It includes that Y-direction line slideway auxiliary, Y-direction nut and Y-direction adjust bolt that Y-direction position, which adjusts component, and Y-direction line slideway auxiliary is set The Y-direction of transverse slat and translation plates that L shaped plate is realized between the transverse slat and translation plates of L shaped plate is slided, and Y-direction nut-welding is in L shaped plate Transverse slat the back side, Y-direction adjust bolt connect with Y-direction nut thread, Y-direction adjust bolt rotate drive L shaped plate transverse slat pass through Y Make Y-direction linear motion relative to translation plates to line slideway auxiliary, realizes four-quadrant photo detector in the adjustment of Y-direction position；

It includes that Z-direction line slideway auxiliary, Z-direction nut and Z-direction adjust bolt that Z-direction position, which adjusts component, and Z-direction line slideway auxiliary is set Realize that the Z-direction between backboard and the riser of L shaped plate is slided between the riser and backboard of L shaped plate, Z-direction nut-welding is in backboard On, Z-direction adjusts bolt and connect with Z-direction nut thread, and Z-direction adjusts bolt rotation and drives backboard opposite by Z-direction line slideway auxiliary Make Z-direction in the riser of L shaped plate and be directed toward movement, realizes four-quadrant photo detector in the adjustment of Z-direction position.

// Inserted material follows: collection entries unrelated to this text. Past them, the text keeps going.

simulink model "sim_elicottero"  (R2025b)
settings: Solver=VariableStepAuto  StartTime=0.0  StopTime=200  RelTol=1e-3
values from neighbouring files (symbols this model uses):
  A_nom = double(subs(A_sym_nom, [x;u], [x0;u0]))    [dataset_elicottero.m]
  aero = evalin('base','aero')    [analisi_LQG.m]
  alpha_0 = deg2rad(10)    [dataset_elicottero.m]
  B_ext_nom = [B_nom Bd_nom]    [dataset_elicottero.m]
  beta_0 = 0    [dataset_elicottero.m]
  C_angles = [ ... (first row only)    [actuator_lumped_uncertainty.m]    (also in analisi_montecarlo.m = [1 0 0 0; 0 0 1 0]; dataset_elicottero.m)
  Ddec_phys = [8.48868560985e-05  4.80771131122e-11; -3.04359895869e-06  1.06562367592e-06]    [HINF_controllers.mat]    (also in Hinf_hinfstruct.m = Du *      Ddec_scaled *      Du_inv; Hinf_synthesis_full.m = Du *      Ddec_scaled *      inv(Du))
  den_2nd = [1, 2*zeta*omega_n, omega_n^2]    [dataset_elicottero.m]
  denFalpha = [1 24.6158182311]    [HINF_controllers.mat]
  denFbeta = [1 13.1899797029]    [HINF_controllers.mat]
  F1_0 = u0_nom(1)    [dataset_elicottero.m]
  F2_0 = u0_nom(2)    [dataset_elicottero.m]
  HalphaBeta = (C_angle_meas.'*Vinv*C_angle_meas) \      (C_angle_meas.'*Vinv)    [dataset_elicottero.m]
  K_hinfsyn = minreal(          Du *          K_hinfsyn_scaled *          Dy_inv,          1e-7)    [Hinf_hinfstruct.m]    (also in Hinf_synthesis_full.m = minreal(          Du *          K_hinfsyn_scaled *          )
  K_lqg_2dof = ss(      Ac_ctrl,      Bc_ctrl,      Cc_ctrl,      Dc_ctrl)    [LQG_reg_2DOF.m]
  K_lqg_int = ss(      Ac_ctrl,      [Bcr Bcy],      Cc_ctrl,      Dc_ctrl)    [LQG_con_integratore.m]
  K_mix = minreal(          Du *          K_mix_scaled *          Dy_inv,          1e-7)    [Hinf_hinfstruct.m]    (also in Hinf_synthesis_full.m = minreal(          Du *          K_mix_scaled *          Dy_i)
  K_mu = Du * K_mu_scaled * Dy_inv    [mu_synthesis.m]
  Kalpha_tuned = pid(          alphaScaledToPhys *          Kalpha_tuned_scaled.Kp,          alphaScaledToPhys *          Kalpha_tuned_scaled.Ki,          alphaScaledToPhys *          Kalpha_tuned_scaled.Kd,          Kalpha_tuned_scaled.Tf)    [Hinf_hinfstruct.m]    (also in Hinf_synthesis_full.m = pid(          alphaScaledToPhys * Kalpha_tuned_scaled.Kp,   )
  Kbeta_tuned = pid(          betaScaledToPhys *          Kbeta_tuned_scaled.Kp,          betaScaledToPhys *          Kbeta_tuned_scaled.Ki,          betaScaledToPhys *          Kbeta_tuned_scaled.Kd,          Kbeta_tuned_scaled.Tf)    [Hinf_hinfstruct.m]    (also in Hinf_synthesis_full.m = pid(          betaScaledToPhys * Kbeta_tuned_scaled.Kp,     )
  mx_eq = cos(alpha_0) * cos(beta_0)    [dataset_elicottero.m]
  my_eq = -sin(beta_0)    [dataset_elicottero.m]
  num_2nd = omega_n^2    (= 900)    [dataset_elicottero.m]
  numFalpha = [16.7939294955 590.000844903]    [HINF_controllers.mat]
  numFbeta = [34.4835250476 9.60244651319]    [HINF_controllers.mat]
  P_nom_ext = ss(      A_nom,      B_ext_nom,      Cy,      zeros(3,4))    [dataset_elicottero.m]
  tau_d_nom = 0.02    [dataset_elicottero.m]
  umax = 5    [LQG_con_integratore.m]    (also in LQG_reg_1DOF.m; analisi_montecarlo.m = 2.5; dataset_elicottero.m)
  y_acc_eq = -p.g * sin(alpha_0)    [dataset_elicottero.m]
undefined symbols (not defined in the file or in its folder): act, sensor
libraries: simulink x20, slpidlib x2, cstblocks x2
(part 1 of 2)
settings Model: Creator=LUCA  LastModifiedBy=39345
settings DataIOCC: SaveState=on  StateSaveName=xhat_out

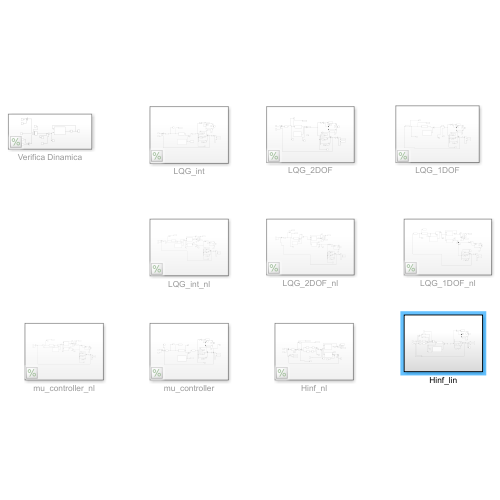
[thumbnail: Simulink's stored preview of the top-level diagram]
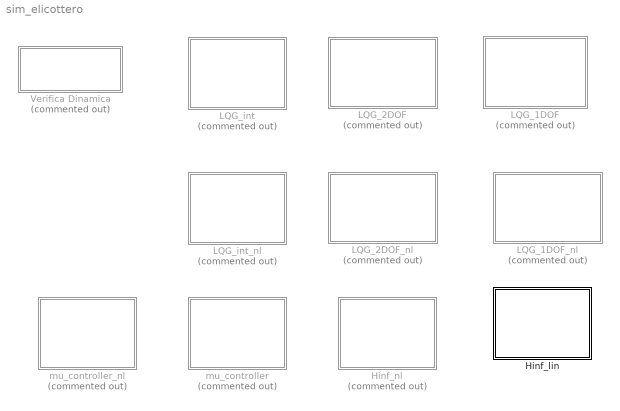
== system sim_elicottero ==
  Hinf_lin : Subsystem
  Hinf_nl : Subsystem  Commented=on
  LQG_1DOF : Subsystem  Commented=on
  LQG_1DOF_nl : Subsystem  Commented=on
  LQG_2DOF : Subsystem  Commented=on
  LQG_2DOF_nl : Subsystem  Commented=on
  LQG_int : Subsystem  Commented=on
  LQG_int_nl : Subsystem  Commented=on
  Verifica Dinamica : Subsystem  Commented=on
  mu_controller : Subsystem  Commented=on
  mu_controller_nl : Subsystem  Commented=on

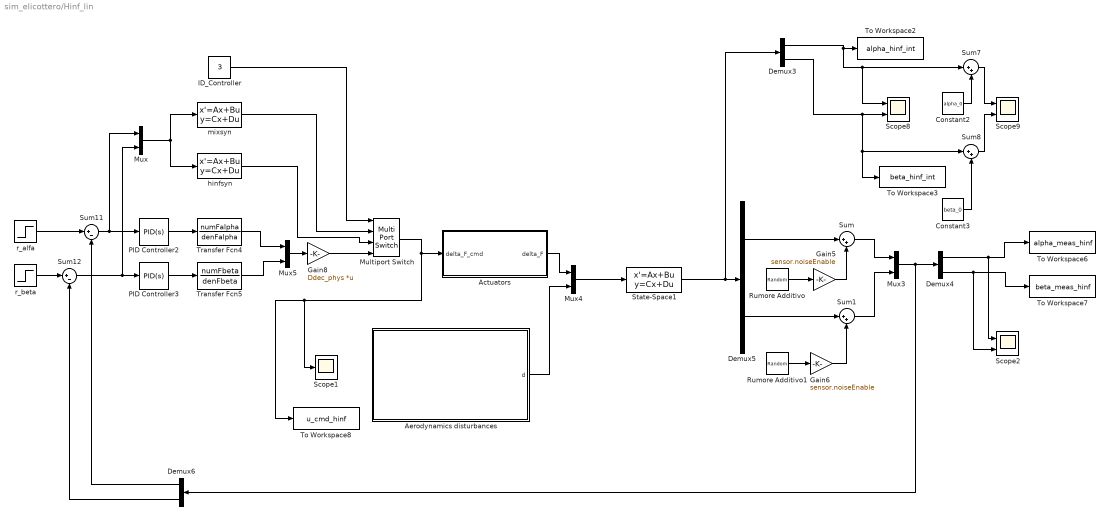
== system sim_elicottero/Hinf_lin ==
  Actuators : Subsystem
  Aerodynamics disturbances : Subsystem
  Constant2 : Constant  Value=alpha_0
  Constant3 : Constant  Value=beta_0
  Demux{3..6} (4 alike) : Demux  Outputs=2
  Gain5 : Gain  Gain=sensor.noiseEnable
  Gain6 : Gain  Gain=sensor.noiseEnable
  Gain8 : Gain  Gain=Ddec_phys  Multiplication=Matrix(K*u) (u vector)
  ID_Controller : Constant  Value=3
  Multiport Switch : MultiPortSwitch  SaturateOnIntegerOverflow=off  InputSameDT=off
  Mux{,3..5} (4 alike) : Mux  Inputs=2
  PID Controller2 : slpidlib/PID Controller  Controller=PID  Form=Parallel  TimeDomain=Continuous-time  UseExternalTs=off  SampleTime=-1  IntegratorMethod=Forward Euler  FilterMethod=Forward Euler  ControllerParametersSource=internal  P=Kalpha_tuned.Kp  I=Kalpha_tuned.Ki  UseKiTs=off  D=Kalpha_tuned.Kd  UseExternalDerivativeSource=off  N=1/Kalpha_tuned.Tf  UseFilter=on  TunerSelectOption=Transfer Function Based (PID Tuner App)  InitialConditionSource=internal  InitialConditionForIntegrator=0  InitialConditionForFilter=0  DifferentiatorICPrevScaledInput=0  ExternalReset=none  TrackingMode=off  Kt=1  LimitOutput=off  SatLimitsSource=internal  UpperSaturationLimit=inf  LowerSaturationLimit=-inf  LinearizeAsGain=on  AntiWindupMode=none  Kb=1  LimitIntegrator=off  UpperIntegratorSaturationLimit=inf  LowerIntegratorSaturationLimit=-inf  POutMin=[]  POutMax=[]  IOutMin=[]  IOutMax=[]  DOutMin=[]  DOutMax=[]  NOutMin=[]  NOutMax=[]  SumOutMin=[]  SumOutMax=[]  SaturationOutMin=[]  SaturationOutMax=[]  PParamMin=[]  PParamMax=[]  IParamMin=[]  IParamMax=[]  DParamMin=[]  DParamMax=[]  NParamMin=[]  NParamMax=[]  KbParamMin=[]  KbParamMax=[]  KtParamMin=[]  KtParamMax=[]  KbOutMin=[]  KbOutMax=[]  KtOutMin=[]  KtOutMax=[]  IntegratorOutMin=[]  IntegratorOutMax=[]  FilterOutMin=[]  FilterOutMax=[]  SumI1OutMin=[]  SumI1OutMax=[]  SumI2OutMin=[]  SumI2OutMax=[]  SumI3OutMin=[]  SumI3OutMax=[]  SumI4OutMin=[]  SumI4OutMax=[]  SumDOutMin=[]  SumDOutMax=[]  DifferentiatorOutMin=[]  DifferentiatorOutMax=[]  FilterDiffOutCoefMin=[]  FilterDiffOutCoefMax=[]  ReciprocalOutMin=[]  ReciprocalOutMax=[]  SumDenOutMin=[]  SumDenOutMax=[]  SumNumOutMin=[]  SumNumOutMax=[]  DivideOutMin=[]  DivideOutMax=[]  UdiffTsProdOutMin=[]  UdiffTsProdOutMax=[]  NTsProdOutMin=[]  NTsProdOutMax=[]  UintegralTsProdOutMin=[]  UintegralTsProdOutMax=[]  UngainTsProdOutMin=[]  UngainTsProdOutMax=[]  ClampingZeroOutDataTypeStr=Inherit: Inherit via back propagation  ClampingZeroOutMin=[]  ClampingZeroOutMax=[]  FilterDenConstantOutDataTypeStr=Inherit: Inherit via back propagation  FilterDenConstantOutMin=[]  FilterDenConstantOutMax=[]  PCopyOutDataTypeStr=Inherit: Inherit via back propagation  PCopyOutMin=[]  PCopyOutMax=[]  NCopyOutDataTypeStr=Inherit: Inherit via back propagation  NCopyOutMin=[]  NCopyOutMax=[]  IntegratorContinuousStateAttributes=''  IntegratorStateMustResolveToSignalObject=off  IntegratorRTWStateStorageClass=Auto  FilterContinuousStateAttributes=''  FilterStateMustResolveToSignalObject=off  FilterRTWStateStorageClass=Auto  ParallelPVariant=InternalParameters  IdealPVariant=Disabled  IVariant=InternalParameters  DVariant=InternalParameters  IntegratorVariant=Continuous  SatVariant=Disabled  AWVariant=Passthrough  PCopyVariant=Disabled  TRVariant=Disabled  FdbkBlocksVariant=Forward  IdealPFdbkVariant=Disabled  SatFdbkVariant=Disabled  DerivativeFilterVariant=ContFilter  NVariant=InternalParameters  NCopyVariant=Disabled  FilterICVariant=InternalICsFilter  IntegratorICVariant=InternalICs  ExternalResetVariant=Disabled  TRSumVariant=Passthrough  SumFdbkVariant=Disabled  SumVariant=Sum_PID  TsampFilterVariant=InternalTs  TsampNgainVariant=Passthrough  TsampIntegralVariant=Disabled_SignalSpec  ExternalSaturationOutDataTypeStr=Inherit: Same as second input  DerivativeSourceVariant=ErrorSignal  PreIntVariant=InternalPreInt
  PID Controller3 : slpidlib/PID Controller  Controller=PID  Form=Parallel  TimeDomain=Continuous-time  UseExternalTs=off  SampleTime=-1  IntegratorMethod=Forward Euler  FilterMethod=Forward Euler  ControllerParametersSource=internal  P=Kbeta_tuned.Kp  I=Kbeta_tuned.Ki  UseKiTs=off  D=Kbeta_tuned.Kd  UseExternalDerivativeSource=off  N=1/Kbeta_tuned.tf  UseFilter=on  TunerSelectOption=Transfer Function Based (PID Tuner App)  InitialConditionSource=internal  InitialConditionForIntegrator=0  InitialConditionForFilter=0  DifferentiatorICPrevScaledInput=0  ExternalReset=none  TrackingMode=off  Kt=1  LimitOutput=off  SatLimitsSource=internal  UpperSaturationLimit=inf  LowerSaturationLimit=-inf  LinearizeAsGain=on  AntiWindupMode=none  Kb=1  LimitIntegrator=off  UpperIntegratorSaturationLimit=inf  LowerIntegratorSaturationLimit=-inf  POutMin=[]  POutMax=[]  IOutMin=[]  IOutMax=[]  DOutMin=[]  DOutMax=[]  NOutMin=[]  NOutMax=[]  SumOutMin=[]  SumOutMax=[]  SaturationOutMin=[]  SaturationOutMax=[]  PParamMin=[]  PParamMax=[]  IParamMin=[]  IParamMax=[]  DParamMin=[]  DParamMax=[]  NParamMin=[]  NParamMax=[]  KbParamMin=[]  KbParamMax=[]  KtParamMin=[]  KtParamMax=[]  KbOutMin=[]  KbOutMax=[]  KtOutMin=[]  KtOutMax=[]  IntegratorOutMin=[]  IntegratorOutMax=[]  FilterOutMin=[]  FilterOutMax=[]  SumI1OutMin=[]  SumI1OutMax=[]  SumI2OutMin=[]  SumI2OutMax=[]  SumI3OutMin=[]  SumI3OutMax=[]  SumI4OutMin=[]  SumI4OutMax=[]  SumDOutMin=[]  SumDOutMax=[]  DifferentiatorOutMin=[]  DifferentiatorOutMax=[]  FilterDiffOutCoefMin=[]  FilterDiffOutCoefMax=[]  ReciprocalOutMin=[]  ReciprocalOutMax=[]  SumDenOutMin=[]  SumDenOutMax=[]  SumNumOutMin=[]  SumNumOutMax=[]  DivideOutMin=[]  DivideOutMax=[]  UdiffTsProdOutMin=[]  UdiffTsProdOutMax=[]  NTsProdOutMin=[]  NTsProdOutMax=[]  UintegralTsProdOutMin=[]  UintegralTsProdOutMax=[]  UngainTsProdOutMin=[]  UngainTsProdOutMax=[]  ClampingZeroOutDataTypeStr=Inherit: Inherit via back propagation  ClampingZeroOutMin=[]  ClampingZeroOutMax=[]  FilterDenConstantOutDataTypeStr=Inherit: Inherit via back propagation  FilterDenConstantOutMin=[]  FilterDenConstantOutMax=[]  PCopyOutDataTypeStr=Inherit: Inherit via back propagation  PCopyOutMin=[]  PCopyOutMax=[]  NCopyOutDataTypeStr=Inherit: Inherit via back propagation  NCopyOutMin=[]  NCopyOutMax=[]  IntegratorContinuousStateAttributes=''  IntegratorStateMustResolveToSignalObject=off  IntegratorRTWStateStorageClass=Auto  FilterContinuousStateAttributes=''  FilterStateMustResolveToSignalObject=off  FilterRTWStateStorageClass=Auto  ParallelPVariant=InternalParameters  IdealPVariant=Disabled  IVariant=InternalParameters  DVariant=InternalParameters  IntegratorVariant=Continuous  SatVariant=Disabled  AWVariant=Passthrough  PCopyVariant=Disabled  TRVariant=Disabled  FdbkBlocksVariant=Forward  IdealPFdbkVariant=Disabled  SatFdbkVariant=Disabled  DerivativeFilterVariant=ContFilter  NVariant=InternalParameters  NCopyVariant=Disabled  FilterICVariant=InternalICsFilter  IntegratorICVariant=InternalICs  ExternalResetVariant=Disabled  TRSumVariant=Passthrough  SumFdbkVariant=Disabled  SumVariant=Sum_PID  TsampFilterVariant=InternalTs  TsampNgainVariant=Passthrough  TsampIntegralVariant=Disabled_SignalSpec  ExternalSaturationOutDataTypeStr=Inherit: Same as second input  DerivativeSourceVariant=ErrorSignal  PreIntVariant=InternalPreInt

The beneficial effects of the present invention are:

The robot of this measurement stepped hole straightness realizes the Wedge shaped elastic branch that axis is determined with soft readjustment Support mechanism, realizes the sliding support of support measurement boom end, and can be driven by the centration axis of the self-centering mechanism end of deep hole Two conical round table of motor rotation forces drive measuring rod close to aperture, and centration axis driving motor reverse rotation activity gauge head is separate Aperture to adapt to the variation in aperture, and remains the center line in hole and the centerline collineation of centration axis, while can pass through Walking mechanism crosses over the ladder of certain altitude, thus the straight line degree measurement of adaptive capacity deep hole, blind hole and stepped hole.

Detailed description of the invention

Fig. 1 is that the shrinkable deep hole of the robot of measurement stepped hole straightness makes concentric mechanism by oneself and walking mechanism is placed in hole Structural schematic diagram.

Fig. 2 is the position view of walking mechanism assembly.

Fig. 3 is the position view of laser measuring head and the assembly of PSD position adjusting mechanism.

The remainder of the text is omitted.